UNITED STATES DISTRICT COURT EASTERN DISTRICT OF MISSOURI EASTERN DIVISION

BRYAN D. WINTER, on behalf of ) himself and all others similarly situated, ) ) Plaintiff, ) ) Case No. 4:25-cv-00299-SRC v. ) ) EDWARD D. JONES & CO., L.P. et al., ) ) Defendants. )

Memorandum and Order Bryan Winter alleges that Edward Jones’s equity policy—which pervades aspects of its promotion, advancement, and termination decisions—unlawfully discriminates against straight white male employees. Winter seeks to certify a class action on behalf of similar Edward Jones employees. Edward Jones responds that the Court cannot certify a class due to conflicts among proposed class members; thus, the argument goes, Winter must arbitrate his claims under securities-industry rules. The Court addresses Edward Jones’s motion to strike the class allegations and compel arbitration. I. Background A. Procedural background After Winter filed his initial complaint, doc. 1, Edward Jones filed a motion to strike Winter’s class allegations and compel arbitration, doc. 21. Before the Court could rule on this motion, however, Winter filed an unopposed motion to amend his complaint, doc. 24, which the Court granted, doc. 26. The Court then denied Edward Jones’s motion to strike as moot.

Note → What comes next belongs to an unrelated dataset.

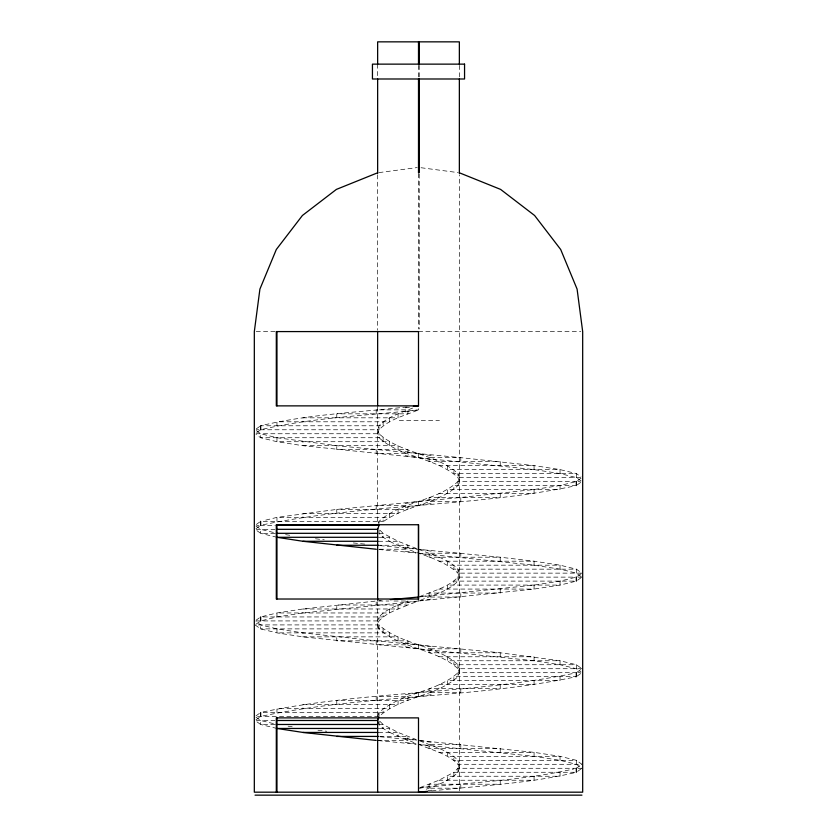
<?xml version="1.0" encoding="UTF-8"?>
<svg xmlns="http://www.w3.org/2000/svg" width="837" height="837" viewBox="0 0 837 837"><rect width="100%" height="100%" fill="white"/><g stroke="black" fill="none" stroke-linecap="round" stroke-linejoin="round"><path stroke-width="0.63" stroke-dasharray="4.18 3.14" d="M459.356 790.871L459.356 174.828M412.62 408.079C401.017 412.934 387.929 416.387 379.035 425.782L377.644 429.768L379.035 433.744L379.035 437.73C401.226 457.965 435.774 457.326 457.965 477.561L459.356 481.537L457.965 485.523C436.464 504.826 404.177 505.443 381.484 522.958M378.334 523.355L379.035 521.367C401.226 501.133 435.774 501.771 457.965 481.537L459.356 477.561L457.965 473.575C435.774 453.34 401.226 453.978 379.035 433.744L255.065 433.744L259.7 430.427M379.035 628.89L377.644 624.915L379.035 620.928C386.621 612.611 397.889 609.336 407.922 604.994L407.922 601.018C397.889 605.35 386.621 608.635 379.035 616.942L377.644 620.928L379.035 624.915L379.035 628.89C401.226 649.125 435.774 648.487 457.965 668.721L459.356 672.697L457.965 676.683C435.774 696.918 401.226 696.279 379.035 716.514L256.363 716.514M377.644 716.514L379.035 712.528C401.226 692.293 435.774 692.931 457.965 672.697L459.356 668.721L457.965 664.735C435.774 644.511 401.226 645.139 379.035 624.915L255.065 624.915L260.631 628.89L276.963 632.877L302.931 636.863L534.069 660.759L560.037 664.735L576.369 668.721L581.014 672.038M418.5 549.239C431.955 554.962 447.45 558.384 457.965 569.16L459.356 573.136L457.965 577.122L457.965 581.108C447.774 591.592 432.771 595.044 419.672 600.568M457.965 581.108L459.356 577.122L459.356 573.136M419.672 740.85C432.771 746.374 447.774 749.826 457.965 760.32L459.356 764.296L457.965 768.282L457.965 772.269C449.071 781.664 435.983 785.116 424.38 789.971M457.965 772.269L459.356 768.282L459.356 764.296M259.7 426.452L255.065 429.768L260.631 433.744L276.963 437.73L336.777 445.692L460.8 457.64L534.069 465.613L560.037 469.588L576.369 473.575L581.014 476.891M259.7 522.026L255.065 525.343L258.978 525.343M255.986 528.67L260.631 525.343M255.986 620.269L260.631 616.942L276.963 612.966L302.931 608.98L376.2 601.018M255.986 624.245L260.631 620.928L276.963 616.942L302.931 612.966L418.5 601.018L407.922 604.994L336.777 604.994L336.777 608.98M581.014 478.22L576.369 481.537L560.037 485.523L534.069 489.509L460.8 497.471L336.777 509.419L276.963 517.381L263.142 520.75M577.3 484.853L581.935 481.537L578.022 481.537M255.986 715.844L260.631 712.528M255.986 719.83L260.631 716.514M581.014 573.805L576.369 577.122L560.037 581.108L534.069 585.084L418.5 597.032L431.714 595.044M581.014 577.781L576.369 581.108L560.037 585.084L534.069 589.07L419.787 600.893M577.3 672.038L581.935 668.721L576.369 664.735L560.037 660.759L500.223 652.787L376.2 640.839L302.931 632.877L276.963 628.89L260.631 624.915L255.986 621.588M577.3 676.024L581.935 672.697L578.022 672.697M576.369 768.282L581.014 764.966M581.014 768.952L576.369 772.269L453.884 772.269L438.933 780.23L418.5 788.192C470.3 782.365 522.926 780.618 573.858 768.9M419.672 596.593C432.771 591.058 447.774 587.616 457.965 577.122L576.724 577.122M263.142 429.151C314.074 417.433 366.7 415.686 418.5 409.858L418.5 407.86M263.142 524.736C365.466 503.602 471.534 507.264 573.858 486.13M263.142 711.91C365.466 690.787 471.534 694.448 573.858 673.314M263.142 715.897C366.292 694.511 473.323 698.654 576.369 676.683L453.884 676.683L453.884 680.669M573.858 772.875C527.153 783.798 478.879 785.692 431.317 790.975M405.286 407.86L411.291 406.96M405.286 411.846L418.5 409.858C405.045 415.57 389.55 419.002 379.035 429.768L377.644 433.744L379.035 437.73M405.286 503.445L431.714 499.459M405.286 507.421L431.714 503.445M405.286 603.006L416.094 601.374M419.703 600.83L431.714 599.02M405.286 694.605L431.714 690.619M405.286 698.592L431.714 694.605M418.5 788.192L431.714 786.205M428.115 790.735L431.714 790.191M378.92 172.61L417.224 167.567M406.96 406.96C358.131 412.421 308.518 414.189 260.631 425.782L383.116 425.782L383.116 421.796M378.763 600.778L381.327 600.537M256.174 331.578L276.963 331.578M418.5 331.578L580.826 331.578M399.291 420.676L439.404 420.676M256.363 429.768L258.978 429.768M260.276 429.768L379.035 429.768L379.035 425.782M580.637 477.561L457.965 477.561L457.965 473.575M576.724 481.537L457.965 481.537L457.965 485.523M576.369 485.523L453.884 485.523L453.884 489.509M263.236 521.367L383.116 521.367L383.116 517.381M260.276 525.343L274.944 525.343M256.363 529.329L274.944 529.329M274.944 533.315L260.631 533.315L255.986 529.988M379.234 533.315L383.116 533.315L398.067 541.277L416.146 548.361M379.234 537.291L389.613 537.291L389.613 541.277C411.637 553.362 438.881 556.187 457.965 573.136L459.356 577.122M378.512 541.277L398.067 541.277L398.067 545.264M377.466 545.264L407.922 545.264L407.922 549.239L376.2 549.239M578.022 577.122L581.935 577.122M573.763 581.108L453.884 581.108L453.884 585.084M378.732 601.018L388.891 601.018M393.965 601.018L407.922 601.018M263.236 616.942L383.116 616.942L383.116 612.966M256.363 620.928L379.035 620.928L379.035 616.942M581.935 668.721L457.965 668.721L457.965 664.735M576.724 672.697L457.965 672.697L457.965 676.683M263.236 712.528L383.116 712.528L383.116 708.541M256.363 720.49L274.944 720.49M274.944 724.476L260.631 724.476L255.065 720.49M379.234 724.476L383.116 724.476L398.067 732.438L416.146 739.521M379.234 728.462L389.613 728.462L389.613 732.438L416.146 743.507M378.512 732.438L398.067 732.438L398.067 736.424M379.81 736.424L407.922 736.424L407.922 740.41L376.2 740.41L415.937 744.145M576.724 768.282L457.965 768.282L453.884 772.269L453.884 776.244M578.022 768.282L581.935 768.282L576.369 764.296L560.037 760.32L534.069 756.334L419.787 744.511M581.014 480.877L576.369 477.561L560.037 473.575L534.069 469.588L302.931 445.692L276.963 441.716L260.631 437.73L255.986 434.413M380.04 545.619L500.223 557.212L534.069 561.188L560.037 565.174L576.369 569.16L581.935 573.136L457.965 573.136L457.965 569.16M378.763 549.48L415.937 552.985M581.014 576.452L576.369 573.136L560.037 569.16L534.069 565.174L418.5 553.226L431.714 555.213M380.04 736.78L415.937 740.159M419.787 740.525L534.069 752.348L560.037 756.334L576.369 760.32L581.935 764.296L457.965 764.296C447.774 753.802 432.771 750.36 419.672 744.825M353.308 542.951L364.754 544.102M315.465 538.766L324.243 539.802M317.976 730.23L326.754 731.256M421.053 167.735L458.08 172.61M405.286 451.666L431.714 455.652M405.286 455.652L431.714 459.639M405.286 547.252L431.714 551.238M405.286 551.238L416.094 552.859M405.286 642.837L431.714 646.813M405.286 646.813L431.714 650.799M405.286 738.412L431.714 742.398M405.286 742.398L416.094 744.03M418.5 744.386L431.714 746.374M285.616 534.644L291.799 535.586M288.085 726.181L294.279 727.133M255.986 526.013L260.631 529.329L276.963 533.315M276.963 537.291L260.631 533.315L260.631 529.329M255.986 717.173L260.631 720.49L276.963 724.476M276.963 728.462L260.631 724.476L260.631 720.49M379.035 530.323L379.035 533.315L383.116 537.291L389.613 541.277M377.989 721.484L379.035 724.476L383.116 728.462L389.613 732.438M379.852 530.124L383.116 533.315L383.116 537.291M379.852 721.285L383.116 724.476L383.116 728.462M459.356 768.282L457.965 764.296L457.965 760.32M576.369 477.561L576.369 473.575L453.884 473.575L453.884 469.588M576.369 573.136L576.369 569.16L453.884 569.16L453.884 565.174M576.369 668.721L576.369 664.735L453.884 664.735L453.884 660.759M576.369 764.296L576.369 760.32L453.884 760.32L453.884 756.334M560.037 473.575L560.037 469.588L447.387 469.588L447.387 465.613M560.037 485.523L560.037 489.509L447.387 489.509L447.387 493.485M560.037 569.16L560.037 565.174L447.387 565.174L447.387 561.188M560.037 581.108L560.037 585.084L447.387 585.084L447.387 589.07M560.037 664.735L560.037 660.759L447.387 660.759L447.387 656.773M560.037 676.683L560.037 680.669L447.387 680.669L447.387 684.645M560.037 760.32L560.037 756.334L447.387 756.334L447.387 752.348M560.037 772.269L560.037 776.244L447.387 776.244L447.387 780.23M534.069 469.588L534.069 465.613L438.933 465.613L438.933 461.626M534.069 489.509L534.069 493.485L438.933 493.485L438.933 497.471M534.069 565.174L534.069 561.188L438.933 561.188L438.933 557.212M534.069 585.084L534.069 589.07L438.933 589.07L438.933 593.046M534.069 660.759L534.069 656.773L438.933 656.773L438.933 652.787M534.069 680.669L534.069 684.645L438.933 684.645L438.933 688.631M534.069 756.334L534.069 752.348L438.933 752.348L438.933 748.372M534.069 776.244L534.069 780.23L438.933 780.23L438.933 784.217M500.223 465.613L500.223 461.626L429.078 461.626L429.078 457.64L460.8 457.64L460.8 461.626M500.223 493.485L500.223 497.471L429.078 497.471L429.078 501.457L460.8 501.457L460.8 497.471M500.223 561.188L500.223 557.212L429.078 557.212L429.078 553.226L460.8 553.226L460.8 557.212M500.223 589.07L500.223 593.046L429.078 593.046L429.078 597.032L460.8 597.032L460.8 593.046M500.223 656.773L500.223 652.787L429.078 652.787L429.078 648.811L460.8 648.811L460.8 652.787M500.223 684.645L500.223 688.631L429.078 688.631L429.078 692.617L460.8 692.617L460.8 688.631M500.223 752.348L500.223 748.372L429.078 748.372L429.078 744.386L460.8 744.386L460.8 748.372M500.223 780.23L500.223 784.217L429.078 784.217L429.078 788.192L460.8 788.192L460.8 784.217M459.356 65.38L459.356 77.757M459.356 477.561L459.356 481.537M459.356 668.721L459.356 672.697M419.243 65.38L419.243 77.757M419.243 174.044L419.243 328.972M418.5 65.38L418.5 77.757M418.5 173.521L418.5 328.972M418.5 453.664L418.5 457.64M418.5 501.457L418.5 505.433M418.5 644.825L418.5 648.811M418.5 692.617L418.5 696.593M398.067 413.834L398.067 417.82L302.931 417.82L302.931 421.796M398.067 449.678L398.067 445.692L302.931 445.692L302.931 441.716M398.067 509.419L398.067 513.395L302.931 513.395L302.931 517.381M398.067 604.994L398.067 608.98L302.931 608.98L302.931 612.966M398.067 640.839L398.067 636.863L302.931 636.863L302.931 632.877M398.067 700.579L398.067 704.566L302.931 704.566L302.931 708.541M389.613 417.82L389.613 421.796L276.963 421.796L276.963 425.782M389.613 445.692L389.613 441.716L276.963 441.716L276.963 437.73M389.613 513.395L389.613 517.381L276.963 517.381L276.963 521.367M389.613 608.98L389.613 612.966L276.963 612.966L276.963 616.942M389.613 636.863L389.613 632.877L276.963 632.877L276.963 628.89M389.613 704.566L389.613 708.541L276.963 708.541L276.963 712.528M383.116 441.716L383.116 437.73L260.631 437.73L260.631 433.744M383.116 632.877L383.116 628.89L260.631 628.89L260.631 624.915M379.035 521.367L379.035 523.355M379.035 712.528L379.035 716.514M379.035 721.484L379.035 724.476M377.644 64.135L377.644 77.757M377.644 174.828L377.644 330.144M377.644 407.148L377.644 523.313M377.644 601.625L377.644 716.482M376.2 413.834L376.2 409.858L407.922 409.858L407.922 413.834L336.777 413.834L336.777 417.82M376.2 449.678L376.2 453.664L407.922 453.664L407.922 449.678L336.777 449.678L336.777 445.692M376.2 509.419L376.2 505.433L407.922 505.433L407.922 509.419L336.777 509.419L336.777 513.395M376.2 602.012L376.2 604.994M376.2 640.839L376.2 644.825L407.922 644.825L407.922 640.839L336.777 640.839L336.777 636.863M376.2 700.579L376.2 696.593L407.922 696.593L407.922 700.579L336.777 700.579L336.777 704.566"/><path stroke-width="1.26" d="M276.963 792.179L276.963 717.884M418.5 524.736L418.5 599.02L276.315 599.02L276.315 524.736L418.5 524.736L418.5 600.024M378.68 717.508L377.644 720.49L277.235 720.49M377.644 172.778L336.411 189.392L302.408 215.486L276.315 249.489L259.909 289.089L254.322 331.578L254.322 792.179L582.678 792.179L582.678 331.578L577.091 289.089L560.685 249.489L534.592 215.486L500.589 189.392L459.356 172.778M413.373 406.353L418.5 405.872L418.5 331.578L276.315 331.578L276.315 405.872L418.5 405.872M390.304 599.69L418.5 597.032M427.477 791.331L418.5 792.179L418.5 717.884L276.315 717.884L276.315 792.179M276.241 525.343L379.035 525.343L377.644 529.329L277.235 529.329M276.241 533.315L377.728 533.315M377.937 537.291L276.963 537.291L302.931 541.277L376.2 549.239M302.931 541.277L377.968 541.277M336.777 545.264L378.512 545.264M276.241 724.476L377.728 724.476M377.937 728.462L276.963 728.462L302.931 732.438L376.2 740.41M302.931 732.438L377.968 732.438M336.777 736.424L378.512 736.424M255.065 795.15L581.935 795.15M576.369 481.537L576.369 485.523M576.369 577.122L576.369 581.108M576.369 672.697L576.369 676.683M576.369 768.282L576.369 772.269M459.356 64.135L459.356 41.85L377.644 41.85L377.644 64.135M459.356 78.992L459.356 173.521M419.243 41.85L419.243 64.135M419.243 78.992L419.243 172.736M418.5 41.85L418.5 64.135M418.5 78.992L418.5 172.778M377.644 78.992L377.644 173.521M377.644 331.452L377.644 405.84M377.644 528.534L377.644 600.317M377.644 719.088L377.644 792.179M276.963 331.578L276.963 405.872M276.963 524.736L276.963 599.02M260.631 425.782L260.631 429.768M260.631 521.367L260.631 525.343M260.631 616.942L260.631 620.928M260.631 712.528L260.631 716.514M464.556 64.135L372.444 64.135L372.444 78.992L464.556 78.992L464.556 64.135"/></g></svg>

Doc. 26. Winter filed his amended complaint, doc. 27, and Edward Jones filed a second motion to strike class allegations and compel arbitration, doc. 30. The parties fully briefed this motion, docs. 31, 34, 35, but again, before the Court could decide the motion, Winter sought leave to amend his complaint, doc. 39, which the Court again granted, doc. 41. So the Court again denied Edward Jones’s motion to strike as moot. Doc. 41. B. Factual background

Winter filed his Second Amended Complaint on July 18, 2025. Doc. 42. In this complaint, he alleges the following facts, which the Court accepts as true for the purposes of Edward Jones’s motion to strike, doc. 45. See Kelly v. Kosuga, 358 U.S. 516, 517 (1959); Barnidge v. United States, 101 F.2d 295, 297 (8th Cir. 1939); see also 5C Wright & Miller’s Federal Practice & Procedure § 1380 (3d ed. 2025) (“Wright & Miller”) (“All well-pleaded facts are taken as admitted on a motion to strike but conclusions of law or conclusions drawn from the facts do not have to be treated in that fashion.”). 1. Edward D. Jones & Co. Edward Jones provides financial services across more than 15,000 offices in the United States. Doc. 42 at ¶¶ 9–10. It employs over 19,000 financial advisors. Id. at ¶ 11. In its

promotional materials, Edward Jones states that its employment policy focuses on equity. Id. at ¶ 14. And, according to Winter, this policy “permeates all aspects of an Edward Jones financial advisor’s employment.” Id. Winter states that Edward Jones’s equity policy manifests itself in several different ways. First, the policy undergirds the firm’s Goodknight Incentive Compensation Structure. Id. at 4 (The Court cites to page numbers as assigned by CM/ECF.). According to Winter, a Goodknight transfers wages, increases an employee’s job performance ratings, and provides job growth opportunity. Id. at ¶ 16. Under the Goodknight structure, Edward Jones transfers client assets from the book of one of its financial advisors to the book of another. Id. at ¶ 17. The transferee advisor then receives fees and commissions on those transferred assets. Id. And Edward Jones “compensates the transferor financial advisor, as an incentive to agree to the transfer.” Id. But a transferor advisor receives additional compensation if he transfers assets to certain kinds of advisors. See id. at ¶ 15. For instance, a transferor advisor’s compensation

increases if he transfers assets to a new financial advisor, or to a financial advisor who “contributes to firm strategies”—that is, a financial advisor who is “diverse.” Id. Diverse advisors include women, those who “identify as part of a minority race or ethnicity,” and those who “identify as gay, lesbian, bisexual, trans[gender],” or other minority gender or sexual orientation. Id. Winter states that Goodknight transfers affect each financial advisor’s performance ratings because “Edward Jones grades each of its financial advisors . . . based on the assets he/she brings into the firm and the commissions generated by his/her book of business.” Id. at ¶ 18. Fees and commissions from a Goodknight asset transfer “count toward, and therefore increase, a financial advisor’s numerical performance rating.” Id.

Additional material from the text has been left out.